Reproduce the entries below exactly, but only from the line containing "#30481 = VERTEX_POINT ( 'NONE', #26900 ) ;" to the line containing "#37537 = DIRECTION", inclusive.
━━━━━━━━━━━━━━━━━━━━
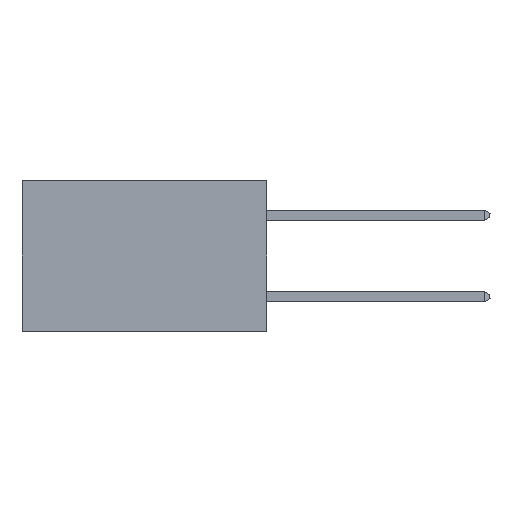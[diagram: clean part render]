
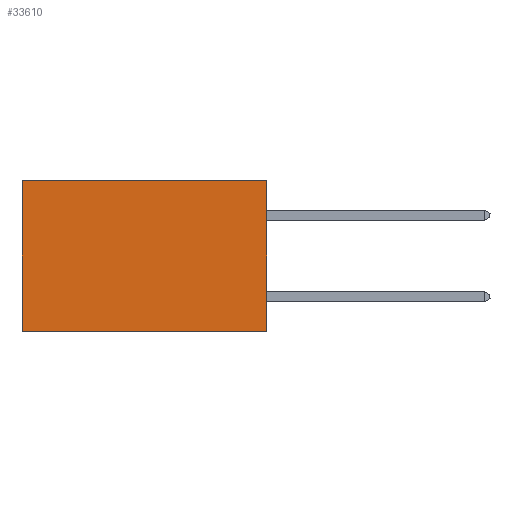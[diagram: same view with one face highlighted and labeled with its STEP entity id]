
A CAD part, left-side view. The second image highlights one B-rep face of the part: STEP entity #33610.
In plain terms, the highlighted planar face has unit normal (-1, 0, 0).
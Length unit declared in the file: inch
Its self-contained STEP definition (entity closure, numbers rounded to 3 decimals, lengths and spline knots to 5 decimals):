
#340 = ORIENTED_EDGE ( 'NONE', *, *, #38083, .F. ) ;
#891 = DIRECTION ( 'NONE',  ( 0., 0., -1. ) ) ;
#1548 = ORIENTED_EDGE ( 'NONE', *, *, #36680, .F. ) ;
#3661 = AXIS2_PLACEMENT_3D ( 'NONE', #18326, #7856, #891 ) ;
#3980 = ORIENTED_EDGE ( 'NONE', *, *, #24140, .T. ) ;
#5652 = VECTOR ( 'NONE', #23130, 39.37008 ) ;
#7856 = DIRECTION ( 'NONE',  ( 1., 0., 0. ) ) ;
#8510 = LINE ( 'NONE', #37662, #41261 ) ;
#8633 = ORIENTED_EDGE ( 'NONE', *, *, #21386, .T. ) ;
#11266 = VERTEX_POINT ( 'NONE', #17516 ) ;
#11535 = PLANE ( 'NONE',  #3661 ) ;
#11586 = FACE_OUTER_BOUND ( 'NONE', #22264, .T. ) ;
#15124 = DIRECTION ( 'NONE',  ( 0., 1., 0. ) ) ;
#17516 = CARTESIAN_POINT ( 'NONE',  ( 0.2875, 0.6, 0. ) ) ;
#18326 = CARTESIAN_POINT ( 'NONE',  ( 0.2875, 0., 0. ) ) ;
#18640 = VERTEX_POINT ( 'NONE', #37496 ) ;
#18772 = DIRECTION ( 'NONE',  ( 0., 0., -1. ) ) ;
#19006 = CARTESIAN_POINT ( 'NONE',  ( 0.2875, 0., 0. ) ) ;
#20159 = VERTEX_POINT ( 'NONE', #30980 ) ;
#20189 = LINE ( 'NONE', #19006, #30771 ) ;
#21386 = EDGE_CURVE ( 'NONE', #18640, #11266, #20189, .T. ) ;
#21669 = VECTOR ( 'NONE', #18772, 39.37008 ) ;
#22264 = EDGE_LOOP ( 'NONE', ( #3980, #340, #1548, #8633 ) ) ;
#23130 = DIRECTION ( 'NONE',  ( 0., 1., 0. ) ) ;
#24140 = EDGE_CURVE ( 'NONE', #11266, #30481, #8510, .T. ) ;
#24309 = LINE ( 'NONE', #32708, #21669 ) ;
#26511 = CARTESIAN_POINT ( 'NONE',  ( 0.2875, 0., -0.37 ) ) ;
#26900 = CARTESIAN_POINT ( 'NONE',  ( 0.2875, 0.6, -0.37 ) ) ;
#27311 = LINE ( 'NONE', #26511, #5652 ) ;
#30481 = VERTEX_POINT ( 'NONE', #26900 ) ;
#30771 = VECTOR ( 'NONE', #15124, 39.37008 ) ;
#30980 = CARTESIAN_POINT ( 'NONE',  ( 0.2875, 0., -0.37 ) ) ;
#32708 = CARTESIAN_POINT ( 'NONE',  ( 0.2875, 0., 0. ) ) ;
#33610 = ADVANCED_FACE ( 'NONE', ( #11586 ), #11535, .F. ) ;
#36680 = EDGE_CURVE ( 'NONE', #18640, #20159, #24309, .T. ) ;
#37496 = CARTESIAN_POINT ( 'NONE',  ( 0.2875, 0., 0. ) ) ;
#37537 = DIRECTION ( 'NONE',  ( 0., 0., -1. ) ) ;
#37662 = CARTESIAN_POINT ( 'NONE',  ( 0.2875, 0.6, 0. ) ) ;
#38083 = EDGE_CURVE ( 'NONE', #20159, #30481, #27311, .T. ) ;
#41261 = VECTOR ( 'NONE', #37537, 39.37008 ) ;
━━━━━━━━━━━━━━━━━━━━
Task output:
#30481 = VERTEX_POINT ( 'NONE', #26900 ) ;
#30771 = VECTOR ( 'NONE', #15124, 39.37008 ) ;
#30980 = CARTESIAN_POINT ( 'NONE',  ( 0.2875, 0., -0.37 ) ) ;
#32708 = CARTESIAN_POINT ( 'NONE',  ( 0.2875, 0., 0. ) ) ;
#33610 = ADVANCED_FACE ( 'NONE', ( #11586 ), #11535, .F. ) ;
#36680 = EDGE_CURVE ( 'NONE', #18640, #20159, #24309, .T. ) ;
#37496 = CARTESIAN_POINT ( 'NONE',  ( 0.2875, 0., 0. ) ) ;
#37537 = DIRECTION ( 'NONE',  ( 0., 0., -1. ) ) ;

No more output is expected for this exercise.